In the past years nanomaterials came into use in healthcare, electronics, cosmetics and other areas. Nanomaterials are materials, with at least one nanoscale dimension (i.e. nano-objects), or structured on a nanoscale (nanostructured materials). Examples of nanomaterials are nanoparticles of different shape (e.g. spherical, rod-shaped, cubical, star-shaped etc..) and material (gold, silver, silica, polymeric, etc…), quantum dots (nanoparticles of semiconductive material), carbon nanotubes (single- or multi-walled), and graphene. These materials are appealing due to their unique properties (e.g. optical, structural, electronic, etc..) respect to their bulk counterparts (i.e. without a nanometric dimension). Therefore, these promising nanomaterials are seeking a considerable impact in the field of medical devices for diagnosis, treatment and prevention of diseases. Many nanomaterial-containing medical devices are currently under development and some have already been launched on the market or under development.
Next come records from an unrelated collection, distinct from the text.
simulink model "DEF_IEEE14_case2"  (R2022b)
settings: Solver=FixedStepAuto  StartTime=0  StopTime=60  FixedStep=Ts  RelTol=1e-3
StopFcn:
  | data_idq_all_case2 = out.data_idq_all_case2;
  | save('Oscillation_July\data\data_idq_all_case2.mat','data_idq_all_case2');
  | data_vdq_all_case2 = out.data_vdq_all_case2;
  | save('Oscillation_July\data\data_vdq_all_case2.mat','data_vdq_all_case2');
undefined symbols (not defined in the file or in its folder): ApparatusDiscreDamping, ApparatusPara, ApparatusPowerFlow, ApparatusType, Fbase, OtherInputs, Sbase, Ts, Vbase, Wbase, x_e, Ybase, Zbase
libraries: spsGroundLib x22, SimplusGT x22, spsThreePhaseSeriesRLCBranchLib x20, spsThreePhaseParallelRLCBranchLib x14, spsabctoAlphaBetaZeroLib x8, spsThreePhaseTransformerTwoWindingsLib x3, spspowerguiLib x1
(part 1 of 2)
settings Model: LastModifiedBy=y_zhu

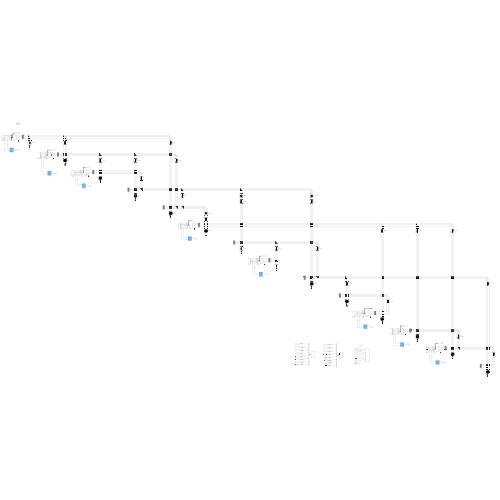
[thumbnail: Simulink's stored preview of the top-level diagram]
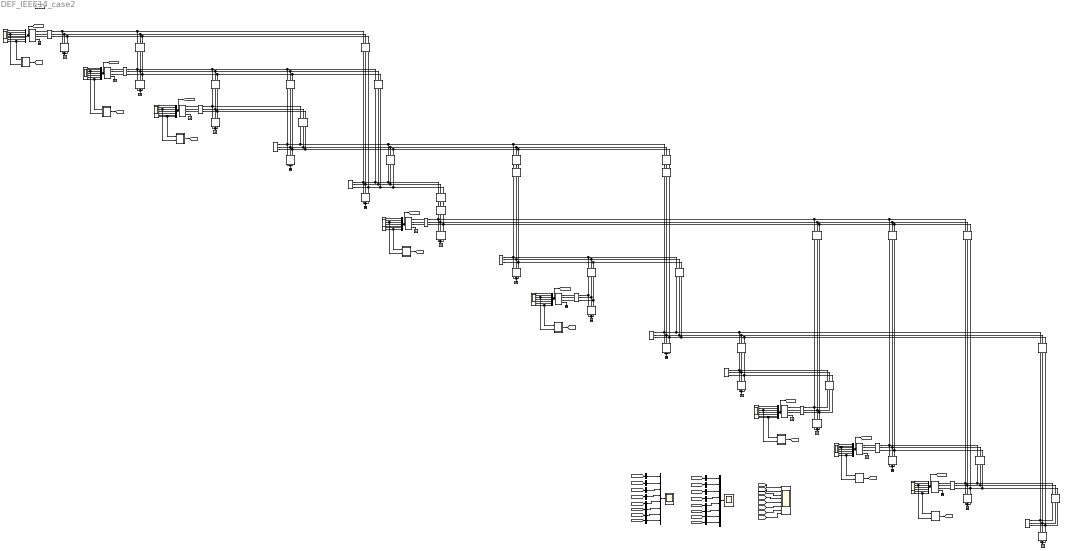
== system DEF_IEEE14_case2 ==
  note: DEF METHOD
  B-GND{1,4,8,10,14,16,20,23..24,27,29..30,32,34} (14 alike) : spsGroundLib/Ground  LConnTagsString=a
  Branch1-1 : spsThreePhaseParallelRLCBranchLib/Three-Phase Parallel RLC Branch  LConnTagsString=A|B|C  RConnTagsString=A|B|C  BranchType=C  Resistance=(Inf)*Zbase  Inductance=(Inf)*Zbase/Wbase  Capacitance=(0.051)*Ybase/Wbase  Measurements=None
  Branch1-2 : spsThreePhaseSeriesRLCBranchLib/Three-Phase Series RLC Branch  LConnTagsString=A|B|C  RConnTagsString=A|B|C  BranchType=RL  Resistance=(0.01938)*Zbase  Inductance=(0.05917)*Zbase/Wbase  Capacitance=1e-6  Measurements=None
  Branch1-5 : spsThreePhaseSeriesRLCBranchLib/Three-Phase Series RLC Branch  LConnTagsString=A|B|C  RConnTagsString=A|B|C  BranchType=RL  Resistance=(0.05403)*Zbase  Inductance=(0.22304)*Zbase/Wbase  Capacitance=1e-6  Measurements=None
  Branch10-10 : spsThreePhaseParallelRLCBranchLib/Three-Phase Parallel RLC Branch  LConnTagsString=A|B|C  RConnTagsString=A|B|C  BranchType=RLC  Resistance=(11.6045)*Zbase  Inductance=(18.007)*Zbase/Wbase  Capacitance=(1e-07)*Ybase/Wbase  Measurements=None
  Branch10-11 : spsThreePhaseSeriesRLCBranchLib/Three-Phase Series RLC Branch  LConnTagsString=A|B|C  RConnTagsString=A|B|C  BranchType=RL  Resistance=(0.08205)*Zbase  Inductance=(0.19207)*Zbase/Wbase  Capacitance=1e-6  Measurements=None
  Branch11-11 : spsThreePhaseParallelRLCBranchLib/Three-Phase Parallel RLC Branch  LConnTagsString=A|B|C  RConnTagsString=A|B|C  BranchType=RLC  Resistance=(11.2405)*Zbase  Inductance=(65.5695)*Zbase/Wbase  Capacitance=(1e-07)*Ybase/Wbase  Measurements=None
  Branch12-12 : spsThreePhaseParallelRLCBranchLib/Three-Phase Parallel RLC Branch  LConnTagsString=A|B|C  RConnTagsString=A|B|C  BranchType=RLC  Resistance=(7.226)*Zbase  Inductance=(82.6479)*Zbase/Wbase  Capacitance=(1e-07)*Ybase/Wbase  Measurements=None
  Branch12-13 : spsThreePhaseSeriesRLCBranchLib/Three-Phase Series RLC Branch  LConnTagsString=A|B|C  RConnTagsString=A|B|C  BranchType=RL  Resistance=(0.22092)*Zbase  Inductance=(0.19988)*Zbase/Wbase  Capacitance=1e-6  Measurements=None
  Branch13-13 : spsThreePhaseParallelRLCBranchLib/Three-Phase Parallel RLC Branch  LConnTagsString=A|B|C  RConnTagsString=A|B|C  BranchType=RLC  Resistance=(2.9586)*Zbase  Inductance=(20.6593)*Zbase/Wbase  Capacitance=(1.5e-07)*Ybase/Wbase  Measurements=None
  Branch13-14 : spsThreePhaseSeriesRLCBranchLib/Three-Phase Series RLC Branch  LConnTagsString=A|B|C  RConnTagsString=A|B|C  BranchType=RL  Resistance=(0.17093)*Zbase  Inductance=(0.34802)*Zbase/Wbase  Capacitance=1e-6  Measurements=None
  Branch14-14 : spsThreePhaseParallelRLCBranchLib/Three-Phase Parallel RLC Branch  LConnTagsString=A|B|C  RConnTagsString=A|B|C  BranchType=RLC  Resistance=(6.9827)*Zbase  Inductance=(20.8085)*Zbase/Wbase  Capacitance=(1e-07)*Ybase/Wbase  Measurements=None
  Branch2-2 : spsThreePhaseParallelRLCBranchLib/Three-Phase Parallel RLC Branch  LConnTagsString=A|B|C  RConnTagsString=A|B|C  BranchType=RLC  Resistance=(5.0324)*Zbase  Inductance=(8.5986)*Zbase/Wbase  Capacitance=(0.0826)*Ybase/Wbase  Measurements=None
  Branch2-3 : spsThreePhaseSeriesRLCBranchLib/Three-Phase Series RLC Branch  LConnTagsString=A|B|C  RConnTagsString=A|B|C  BranchType=RL  Resistance=(0.04699)*Zbase  Inductance=(0.19797)*Zbase/Wbase  Capacitance=1e-6  Measurements=None
  Branch2-4 : spsThreePhaseSeriesRLCBranchLib/Three-Phase Series RLC Branch  LConnTagsString=A|B|C  RConnTagsString=A|B|C  BranchType=RL  Resistance=(0.05811)*Zbase  Inductance=(0.17632)*Zbase/Wbase  Capacitance=1e-6  Measurements=None
  Branch2-5 : spsThreePhaseSeriesRLCBranchLib/Three-Phase Series RLC Branch  LConnTagsString=A|B|C  RConnTagsString=A|B|C  BranchType=RL  Resistance=(0.05695)*Zbase  Inductance=(0.17388)*Zbase/Wbase  Capacitance=1e-6  Measurements=None
  Branch3-3 : spsThreePhaseParallelRLCBranchLib/Three-Phase Parallel RLC Branch  LConnTagsString=A|B|C  RConnTagsString=A|B|C  BranchType=RLC  Resistance=(1.0792)*Zbase  Inductance=(5.3506)*Zbase/Wbase  Capacitance=(0.0283)*Ybase/Wbase  Measurements=None
  Branch3-4 : spsThreePhaseSeriesRLCBranchLib/Three-Phase Series RLC Branch  LConnTagsString=A|B|C  RConnTagsString=A|B|C  BranchType=RL  Resistance=(0.06701)*Zbase  Inductance=(0.17103)*Zbase/Wbase  Capacitance=1e-6  Measurements=None
  Branch4-4 : spsThreePhaseParallelRLCBranchLib/Three-Phase Parallel RLC Branch  LConnTagsString=A|B|C  RConnTagsString=A|B|C  BranchType=RC  Resistance=(2.232)*Zbase  Inductance=(Inf)*Zbase/Wbase  Capacitance=(0.059954)*Ybase/Wbase  Measurements=None
  Branch4-5 : spsThreePhaseSeriesRLCBranchLib/Three-Phase Series RLC Branch  LConnTagsString=A|B|C  RConnTagsString=A|B|C  BranchType=RL  Resistance=(0.01335)*Zbase  Inductance=(0.04211)*Zbase/Wbase  Capacitance=1e-6  Measurements=None
  Branch4-7 : spsThreePhaseSeriesRLCBranchLib/Three-Phase Series RLC Branch  LConnTagsString=A|B|C  RConnTagsString=A|B|C  BranchType=RL  Resistance=(1e-07)*Zbase  Inductance=(0.20912)*Zbase/Wbase  Capacitance=1e-6  Measurements=None
  Branch4-9 : spsThreePhaseSeriesRLCBranchLib/Three-Phase Series RLC Branch  LConnTagsString=A|B|C  RConnTagsString=A|B|C  BranchType=RL  Resistance=(1e-07)*Zbase  Inductance=(0.55618)*Zbase/Wbase  Capacitance=1e-6  Measurements=None
  Branch5-5 : spsThreePhaseParallelRLCBranchLib/Three-Phase Parallel RLC Branch  LConnTagsString=A|B|C  RConnTagsString=A|B|C  BranchType=RLC  Resistance=(14.1668)*Zbase  Inductance=(67.2925)*Zbase/Wbase  Capacitance=(0.0419)*Ybase/Wbase  Measurements=None
  Branch5-6 : spsThreePhaseSeriesRLCBranchLib/Three-Phase Series RLC Branch  LConnTagsString=A|B|C  RConnTagsString=A|B|C  BranchType=RL  Resistance=(1e-07)*Zbase  Inductance=(0.25202)*Zbase/Wbase  Capacitance=1e-6  Measurements=None
  Branch6-11 : spsThreePhaseSeriesRLCBranchLib/Three-Phase Series RLC Branch  LConnTagsString=A|B|C  RConnTagsString=A|B|C  BranchType=RL  Resistance=(0.09498)*Zbase  Inductance=(0.1989)*Zbase/Wbase  Capacitance=1e-6  Measurements=None
  Branch6-12 : spsThreePhaseSeriesRLCBranchLib/Three-Phase Series RLC Branch  LConnTagsString=A|B|C  RConnTagsString=A|B|C  BranchType=RL  Resistance=(0.12291)*Zbase  Inductance=(0.25581)*Zbase/Wbase  Capacitance=1e-6  Measurements=None
  Branch6-13 : spsThreePhaseSeriesRLCBranchLib/Three-Phase Series RLC Branch  LConnTagsString=A|B|C  RConnTagsString=A|B|C  BranchType=RL  Resistance=(0.06615)*Zbase  Inductance=(0.13027)*Zbase/Wbase  Capacitance=1e-6  Measurements=None
  Branch6-6 : spsThreePhaseParallelRLCBranchLib/Three-Phase Parallel RLC Branch  LConnTagsString=A|B|C  RConnTagsString=A|B|C  BranchType=RLC  Resistance=(10.2223)*Zbase  Inductance=(15.2653)*Zbase/Wbase  Capacitance=(2e-07)*Ybase/Wbase  Measurements=None
  Branch7-7 : spsThreePhaseParallelRLCBranchLib/Three-Phase Parallel RLC Branch  LConnTagsString=A|B|C  RConnTagsString=A|B|C  BranchType=C  Resistance=(Inf)*Zbase  Inductance=(Inf)*Zbase/Wbase  Capacitance=(1.5e-07)*Ybase/Wbase  Measurements=None
  Branch7-8 : spsThreePhaseSeriesRLCBranchLib/Three-Phase Series RLC Branch  LConnTagsString=A|B|C  RConnTagsString=A|B|C  BranchType=RL  Resistance=(1e-07)*Zbase  Inductance=(0.17615)*Zbase/Wbase  Capacitance=1e-6  Measurements=None
  Branch7-9 : spsThreePhaseSeriesRLCBranchLib/Three-Phase Series RLC Branch  LConnTagsString=A|B|C  RConnTagsString=A|B|C  BranchType=RL  Resistance=(1e-07)*Zbase  Inductance=(0.11001)*Zbase/Wbase  Capacitance=1e-6  Measurements=None
  Branch8-8 : spsThreePhaseParallelRLCBranchLib/Three-Phase Parallel RLC Branch  LConnTagsString=A|B|C  RConnTagsString=A|B|C  BranchType=C  Resistance=(Inf)*Zbase  Inductance=(Inf)*Zbase/Wbase  Capacitance=(5e-08)*Ybase/Wbase  Measurements=None
  Branch9-10 : spsThreePhaseSeriesRLCBranchLib/Three-Phase Series RLC Branch  LConnTagsString=A|B|C  RConnTagsString=A|B|C  BranchType=RL  Resistance=(0.03181)*Zbase  Inductance=(0.0845)*Zbase/Wbase  Capacitance=1e-6  Measurements=None
  Branch9-14 : spsThreePhaseSeriesRLCBranchLib/Three-Phase Series RLC Branch  LConnTagsString=A|B|C  RConnTagsString=A|B|C  BranchType=RL  Resistance=(0.12711)*Zbase  Inductance=(0.27038)*Zbase/Wbase  Capacitance=1e-6  Measurements=None
  Branch9-9 : spsThreePhaseParallelRLCBranchLib/Three-Phase Parallel RLC Branch  LConnTagsString=A|B|C  RConnTagsString=A|B|C  BranchType=RLC  Resistance=(3.4827)*Zbase  Inductance=(6.1892)*Zbase/Wbase  Capacitance=(0.19)*Ybase/Wbase  Measurements=None
  Bus Creator1 : BusCreator  Inputs=8
  Bus Creator2 : BusCreator  Inputs=8
  Bus Selector{,1..7} (8 alike) : BusSelector  OutputSignals=v_dq
  Bus Selector{8..15} (8 alike) : BusSelector  OutputSignals=i_dq
  Bus{1..14} (14 alike) : SimplusGT/Three-Phase Bus  Vbase=1  Sbase=1
      settings: SourceProductName=Simplus Grid Tool
  D-GND{1..3,6,8,11..13} (8 alike) : spsGroundLib/Ground  LConnTagsString=a
  D-Scope{1..3,6,8,11..13} (8 alike) : Scope  NumInputPorts=7
  DEF_Friction1 : Subsystem  mask{PowerFlow_App=ApparatusPowerFlow{2}, Tinit=10}
      mask prompts: PowerFlow_App "Power Flow"; Tinit "Initial Filter Time"
  DEF_Friction2 : Subsystem  mask{PowerFlow_App=ApparatusPowerFlow{3}, Tinit=10}
      mask prompts: PowerFlow_App "Power Flow"; Tinit "Initial Filter Time"
  DEF_Friction3 : Subsystem  mask{PowerFlow_App=ApparatusPowerFlow{1}, Tinit=10}
      mask prompts: PowerFlow_App "Power Flow"; Tinit "Initial Filter Time"
  DEF_Friction4 : Subsystem  mask{PowerFlow_App=ApparatusPowerFlow{6}, Tinit=10}
      mask prompts: PowerFlow_App "Power Flow"; Tinit "Initial Filter Time"
  DEF_Friction5 : Subsystem  mask{PowerFlow_App=ApparatusPowerFlow{8}, Tinit=10}
      mask prompts: PowerFlow_App "Power Flow"; Tinit "Initial Filter Time"
  DEF_Friction6 : Subsystem  mask{PowerFlow_App=ApparatusPowerFlow{11}, Tinit=10}
      mask prompts: PowerFlow_App "Power Flow"; Tinit "Initial Filter Time"
  DEF_Friction7 : Subsystem  mask{PowerFlow_App=ApparatusPowerFlow{12}, Tinit=10}
      mask prompts: PowerFlow_App "Power Flow"; Tinit "Initial Filter Time"
  DEF_Friction8 : Subsystem  mask{PowerFlow_App=ApparatusPowerFlow{13}, Tinit=10}
      mask prompts: PowerFlow_App "Power Flow"; Tinit "Initial Filter Time"
  DS-Bus{1..3,6,8,11..13} (8 alike) : BusSelector  OutputSignals=v_dq,i_dq,v_abc,i_abc,w,theta,pq
  SM1 : SimplusGT/SynchronousMachineFull_Cyp_SMAVRPSSGOV (dq-Frame System Object)  Ts=Ts  Sbase=Sbase  Vbase=Vbase  Wbase=Wbase  ApparatusType=ApparatusType{1}  ApparatusPara=ApparatusPara{1}  PowerFlow=ApparatusPowerFlow{1}  x0=x_e{1}  OtherInputs=OtherInputs{1}  DiscreMethod=Hybrid Trapezoidal  EnableInsideModification=off  DiscreDampingFlag=on  DiscreDampingValue=ApparatusDiscreDamping{1}  LinearizationTimes=1  DirectFeedthrough=off
      settings: SourceProductName=Simplus Grid Tool
  SM2 : SimplusGT/SynchronousMachineFull_Cyp_SMAVRPSSGOV (dq-Frame System Object)  Ts=Ts  Sbase=Sbase  Vbase=Vbase  Wbase=Wbase  ApparatusType=ApparatusType{2}  ApparatusPara=ApparatusPara{2}  PowerFlow=ApparatusPowerFlow{2}  x0=x_e{2}  OtherInputs=OtherInputs{2}  DiscreMethod=Hybrid Trapezoidal  EnableInsideModification=off  DiscreDampingFlag=on  DiscreDampingValue=ApparatusDiscreDamping{2}  LinearizationTimes=1  DirectFeedthrough=off
      settings: SourceProductName=Simplus Grid Tool
  SM3 : SimplusGT/SynchronousMachineFull_Cyp_SMAVR (dq-Frame System Object)  Ts=Ts  Sbase=Sbase  Vbase=Vbase  Wbase=Wbase  ApparatusType=ApparatusType{3}  ApparatusPara=ApparatusPara{3}  PowerFlow=ApparatusPowerFlow{3}  x0=x_e{3}  OtherInputs=OtherInputs{3}  DiscreMethod=Hybrid Trapezoidal  EnableInsideModification=off  DiscreDampingFlag=on  DiscreDampingValue=ApparatusDiscreDamping{3}  LinearizationTimes=1  DirectFeedthrough=off
      settings: SourceProductName=Simplus Grid Tool
  SM6 : SimplusGT/SynchronousMachineFull_Cyp_SMAVR (dq-Frame System Object)  Ts=Ts  Sbase=Sbase  Vbase=Vbase  Wbase=Wbase  ApparatusType=ApparatusType{6}  ApparatusPara=ApparatusPara{6}  PowerFlow=ApparatusPowerFlow{6}  x0=x_e{6}  OtherInputs=OtherInputs{6}  DiscreMethod=Hybrid Trapezoidal  EnableInsideModification=off  DiscreDampingFlag=on  DiscreDampingValue=ApparatusDiscreDamping{6}  LinearizationTimes=1  DirectFeedthrough=off
      settings: SourceProductName=Simplus Grid Tool
  SM8 : SimplusGT/SynchronousMachineFull_Cyp_SMAVR (dq-Frame System Object)  Ts=Ts  Sbase=Sbase  Vbase=Vbase  Wbase=Wbase  ApparatusType=ApparatusType{8}  ApparatusPara=ApparatusPara{8}  PowerFlow=ApparatusPowerFlow{8}  x0=x_e{8}  OtherInputs=OtherInputs{8}  DiscreMethod=Hybrid Trapezoidal  EnableInsideModification=off  DiscreDampingFlag=on  DiscreDampingValue=ApparatusDiscreDamping{8}  LinearizationTimes=1  DirectFeedthrough=off
      settings: SourceProductName=Simplus Grid Tool
  Scope : Scope  NumInputPorts=8
  Scope1 : Scope
  Scope7 : Scope
  Transformer4-7 : spsThreePhaseTransformerTwoWindingsLib/Three-Phase Transformer (Two Windings)  Winding1Connection=Yg  Winding2Connection=Yg  CoreType=Three single-phase transformers  SetSaturation=off  Hysteresis=off  DataFile='hysteresis'  SetInitialFlux=off  Measurements=None  UNITS=pu  NominalPower=[Sbase, Fbase]  Winding1=[0.978*Vbase, 0, 0]  Winding2=[Vbase, 0, 0]  Rm=1e4  Lm=1e4  L0=0.5  Saturation=[ 0,0 ; 0.0024,1.2 ; 1.0,1.52 ]  InitialFluxes=[ 0.8 , -0.8 , 0.7 ]  BreakLoop=off  DiscreteSolver=Trapezoidal iterative  DataType=off  TransfoNumber=1
  Transformer4-9 : spsThreePhaseTransformerTwoWindingsLib/Three-Phase Transformer (Two Windings)  Winding1Connection=Yg  Winding2Connection=Yg  CoreType=Three single-phase transformers  SetSaturation=off  Hysteresis=off  DataFile='hysteresis'  SetInitialFlux=off  Measurements=None  UNITS=pu  NominalPower=[Sbase, Fbase]  Winding1=[0.969*Vbase, 0, 0]  Winding2=[Vbase, 0, 0]  Rm=1e4  Lm=1e4  L0=0.5  Saturation=[ 0,0 ; 0.0024,1.2 ; 1.0,1.52 ]  InitialFluxes=[ 0.8 , -0.8 , 0.7 ]  BreakLoop=off  DiscreteSolver=Trapezoidal iterative  DataType=off  TransfoNumber=1
  Transformer5-6 : spsThreePhaseTransformerTwoWindingsLib/Three-Phase Transformer (Two Windings)  Winding1Connection=Yg  Winding2Connection=Yg  CoreType=Three single-phase transformers  SetSaturation=off  Hysteresis=off  DataFile='hysteresis'  SetInitialFlux=off  Measurements=None  UNITS=pu  NominalPower=[Sbase, Fbase]  Winding1=[0.932*Vbase, 0, 0]  Winding2=[Vbase, 0, 0]  Rm=1e4  Lm=1e4  L0=0.5  Saturation=[ 0,0 ; 0.0024,1.2 ; 1.0,1.52 ]  InitialFluxes=[ 0.8 , -0.8 , 0.7 ]  BreakLoop=off  DiscreteSolver=Trapezoidal iterative  DataType=off  TransfoNumber=1
  VSI-PLL11 : SimplusGT/Grid-Following Voltage-Source Inverter (dq-Frame System Object)  Ts=Ts  Sbase=Sbase  Vbase=Vbase  Wbase=Wbase  ApparatusType=ApparatusType{11}  ApparatusPara=ApparatusPara{11}  PowerFlow=ApparatusPowerFlow{11}  x0=x_e{11}  OtherInputs=OtherInputs{11}  DiscreMethod=Hybrid Trapezoidal  EnableInsideModification=off  DiscreDampingFlag=on  DiscreDampingValue=ApparatusDiscreDamping{11}  LinearizationTimes=1  DirectFeedthrough=off
      settings: SourceProductName=Simplus Grid Tool
  VSI-PLL12 : SimplusGT/Grid-Following Voltage-Source Inverter (dq-Frame System Object)  Ts=Ts  Sbase=Sbase  Vbase=Vbase  Wbase=Wbase  ApparatusType=ApparatusType{12}  ApparatusPara=ApparatusPara{12}  PowerFlow=ApparatusPowerFlow{12}  x0=x_e{12}  OtherInputs=OtherInputs{12}  DiscreMethod=Hybrid Trapezoidal  EnableInsideModification=off  DiscreDampingFlag=on  DiscreDampingValue=ApparatusDiscreDamping{12}  LinearizationTimes=1  DirectFeedthrough=off
      settings: SourceProductName=Simplus Grid Tool
  VSI-PLL13 : SimplusGT/Grid-Following Voltage-Source Inverter (dq-Frame System Object)  Ts=Ts  Sbase=Sbase  Vbase=Vbase  Wbase=Wbase  ApparatusType=ApparatusType{13}  ApparatusPara=ApparatusPara{13}  PowerFlow=ApparatusPowerFlow{13}  x0=x_e{13}  OtherInputs=OtherInputs{13}  DiscreMethod=Hybrid Trapezoidal  EnableInsideModification=off  DiscreDampingFlag=on  DiscreDampingValue=ApparatusDiscreDamping{13}  LinearizationTimes=1  DirectFeedthrough=off
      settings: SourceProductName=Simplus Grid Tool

There is a broad spectrum of medical applications for nanomaterial-containing medical devices, from traditional medical equipment to sophisticated electronic devices. A well-known example relies on the use of silver nanoparticles as antimicrobial for wound care (e.g. SilverlonTM Antimicrobial Wound Dressings from Argentum Medical, USA) or medical textiles such as surgical masks for filtering viruses (e.g. NanoFenseTM by Applied Nanoscience, USA). Other examples are silicon or zirconium oxides nanoparticles embedded in a photopolymerizable resin matrix for dental restoration (i.e. Patent US 6194481 B1: Mechanically strong and transparent or translucent composites made using zirconium oxide nanoparticles), or nanoparticles of hydroxyapatite ([Ca5(PO4)6(OH)2]) and calcium phosphate ([Ca3(PO4)2) for bone and teeth filling (e.g. Nanogel® from Teknimed, France).
More sophisticated devices include cardiovascular and surgical devices, such as nano-electromechanical systems to assist surgeons, implantable or wearable medical devices for the diagnosis and for continuous monitoring, containing nano-electronic components (e.g. data storage modules) diagnostic tools and therapeutic actuating elements. An example of the latter is the sub-cutaneous device for monitoring the level of sugar in blood, measuring the fluorescence of carbon nanotubes in the presence of sugar.
Great attention has also been addressed to nanotechnologies for cancer treatment. Most of these novel technologies using nanoparticles (i.e. photothermal therapy of cancer), are still under clinical studies and need further investigations before their use in clinics. However, the use of nanoparticles for photothermal therapy of cancer seems to be really beneficial when combined with conventional treatments. In fact, these techniques are supposed to be able to destroy tumors without damaging healthy tissues. Some examples under clinical investigation are AuroLase® Therapy, using gold metal shell and silica core nanoparticles, and other plasmonic particles such as rod-shaped gold nanoparticles (i.e. gold nanorods), both able to absorb the near infrared light provided by a laser source and convert it in localized heat, able to destroy selectively cancer cells.
Great efforts have been done on the discovery of new and more efficient nanomaterial-containing medical devices; however, current problems for nanomedicine involve understanding the issues related to the toxicity and the environmental impact of these nanomaterials. Moreover, the use of nanomaterials in medicine is often limited by the stability and the reproducibility of these nanomaterials; in fact, few of these have been approved by FDA for medical purposes. Therefore, a deeper understanding of the toxicity of these materials as well as of their use for realization of complex medical devices is urgent.